The results of operations include the results of Can-Do-Cash since December 4, 2012, which is the date that the acquisition closed, which had an immaterial impact on the consolidated results for both the quarter and the year.

Please refer to the "Disclosure of Non-GAAP Financial Information" contained later in this press release for definitions of Adjusted EBITDA, Adjusted Net Income, Adjusted Net Income per diluted share and Free Cash Flow. For additional financial information, including reconciliations to comparable GAAP measures, please refer to the supplemental schedules of selected financial information at the end of this press release.

FOURTH QUARTER RESULTS

For the fourth quarter of 2012, consolidated revenues totaled $198.4 million, representing a 14% increase from the $174.2 million in consolidated revenues generated during the fourth quarter of 2011. Organic growth in the quarter accounted for 11% of the growth and was primarily attributable to the following: (1) increased transactions per ATM in the Company's United States and United Kingdom operations; (2) unit growth expansion; (3) increased revenues from managed services agreements; (4) increased bank branding revenues from financial institution partners; and (5) growth of the Allpoint network. Partially offsetting the increases in organic revenue were a decline in interchange revenue per transaction as a result of rate reductions by a major interbank network and transaction volume shifts to networks that pay lower interchange rates, and lower equipment sales revenues. The remaining 3% of revenue growth was driven by businesses acquired during the fourth quarter of 2011 and during 2012.
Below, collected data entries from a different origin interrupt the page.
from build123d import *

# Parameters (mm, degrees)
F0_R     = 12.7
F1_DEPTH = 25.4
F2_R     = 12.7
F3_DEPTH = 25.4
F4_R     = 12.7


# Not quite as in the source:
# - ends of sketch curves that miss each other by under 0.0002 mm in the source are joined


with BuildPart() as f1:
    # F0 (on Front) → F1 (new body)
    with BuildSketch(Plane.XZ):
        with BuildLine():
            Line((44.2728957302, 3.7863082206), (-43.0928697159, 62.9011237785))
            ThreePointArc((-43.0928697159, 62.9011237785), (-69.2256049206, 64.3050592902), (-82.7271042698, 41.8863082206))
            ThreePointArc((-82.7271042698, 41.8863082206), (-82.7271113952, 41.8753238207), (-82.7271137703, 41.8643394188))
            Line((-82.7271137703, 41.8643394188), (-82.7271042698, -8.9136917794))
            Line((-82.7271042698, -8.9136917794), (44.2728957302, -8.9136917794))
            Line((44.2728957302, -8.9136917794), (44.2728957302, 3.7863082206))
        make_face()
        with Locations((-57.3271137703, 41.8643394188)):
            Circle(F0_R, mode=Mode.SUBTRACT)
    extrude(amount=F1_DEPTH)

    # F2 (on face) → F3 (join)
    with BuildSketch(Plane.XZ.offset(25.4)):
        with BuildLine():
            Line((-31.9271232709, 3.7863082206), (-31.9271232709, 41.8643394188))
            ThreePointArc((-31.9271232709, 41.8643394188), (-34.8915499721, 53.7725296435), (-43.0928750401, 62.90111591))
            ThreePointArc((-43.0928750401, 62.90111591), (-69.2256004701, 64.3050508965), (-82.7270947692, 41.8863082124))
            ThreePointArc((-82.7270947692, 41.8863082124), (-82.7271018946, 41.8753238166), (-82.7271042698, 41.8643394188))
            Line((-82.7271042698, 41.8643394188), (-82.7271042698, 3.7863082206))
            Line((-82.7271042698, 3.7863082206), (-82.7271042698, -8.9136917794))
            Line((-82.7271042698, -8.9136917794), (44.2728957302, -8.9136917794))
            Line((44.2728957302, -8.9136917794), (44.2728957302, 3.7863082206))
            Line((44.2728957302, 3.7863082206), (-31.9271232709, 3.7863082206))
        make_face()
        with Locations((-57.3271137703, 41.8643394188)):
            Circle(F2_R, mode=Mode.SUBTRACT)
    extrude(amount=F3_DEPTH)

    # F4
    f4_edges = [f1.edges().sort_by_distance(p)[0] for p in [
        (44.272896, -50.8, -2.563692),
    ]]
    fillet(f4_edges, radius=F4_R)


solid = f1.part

Adjusted EBITDA for the fourth quarter of 2012 totaled $50.1 million, compared to $41.9 million during the fourth quarter of 2011, and Adjusted Net Income totaled $18.3 million ($0.41 per diluted share) compared to $15.6 million ($0.36 per diluted share) during the fourth quarter of 2011. The increases in Adjusted EBITDA and Adjusted Net Income per diluted share were positively affected by the incremental revenues attributable to ATMs acquired during the fourth quarter of 2011 and during 2012, as well as the organic revenue growth described above. Specific costs excluded from Adjusted EBITDA and Adjusted Net Income are detailed in a reconciliation included at the end of this press release.

GAAP Net Income for the fourth quarter of 2012 totaled $11.2 million, compared to $8.2 million during the same quarter in 2011. GAAP Net Income before income taxes increased $4.6 million from the fourth quarter of 2011 due to the same factors impacting Adjusted EBITDA discussed above.

FULL-YEAR RESULTS

For the year ended December 31, 2012, consolidated revenues totaled $780.4 million, representing a 25% increase from the $624.6 million in consolidated revenues generated during the same period in 2011. Growth from acquisitions accounted for 12% of the increase in consolidated revenues for the year. Organic growth of 13% was attributable to a combination of increases in transactions per ATM, unit growth expansion, increased revenues from managed services agreements, higher bank branding revenues, growth in Allpoint, and higher equipment sales. As was the case with the fourth quarter results, the increases in organic revenue during the year ended December 31, 2012 were partially offset by the interchange rate reductions discussed above.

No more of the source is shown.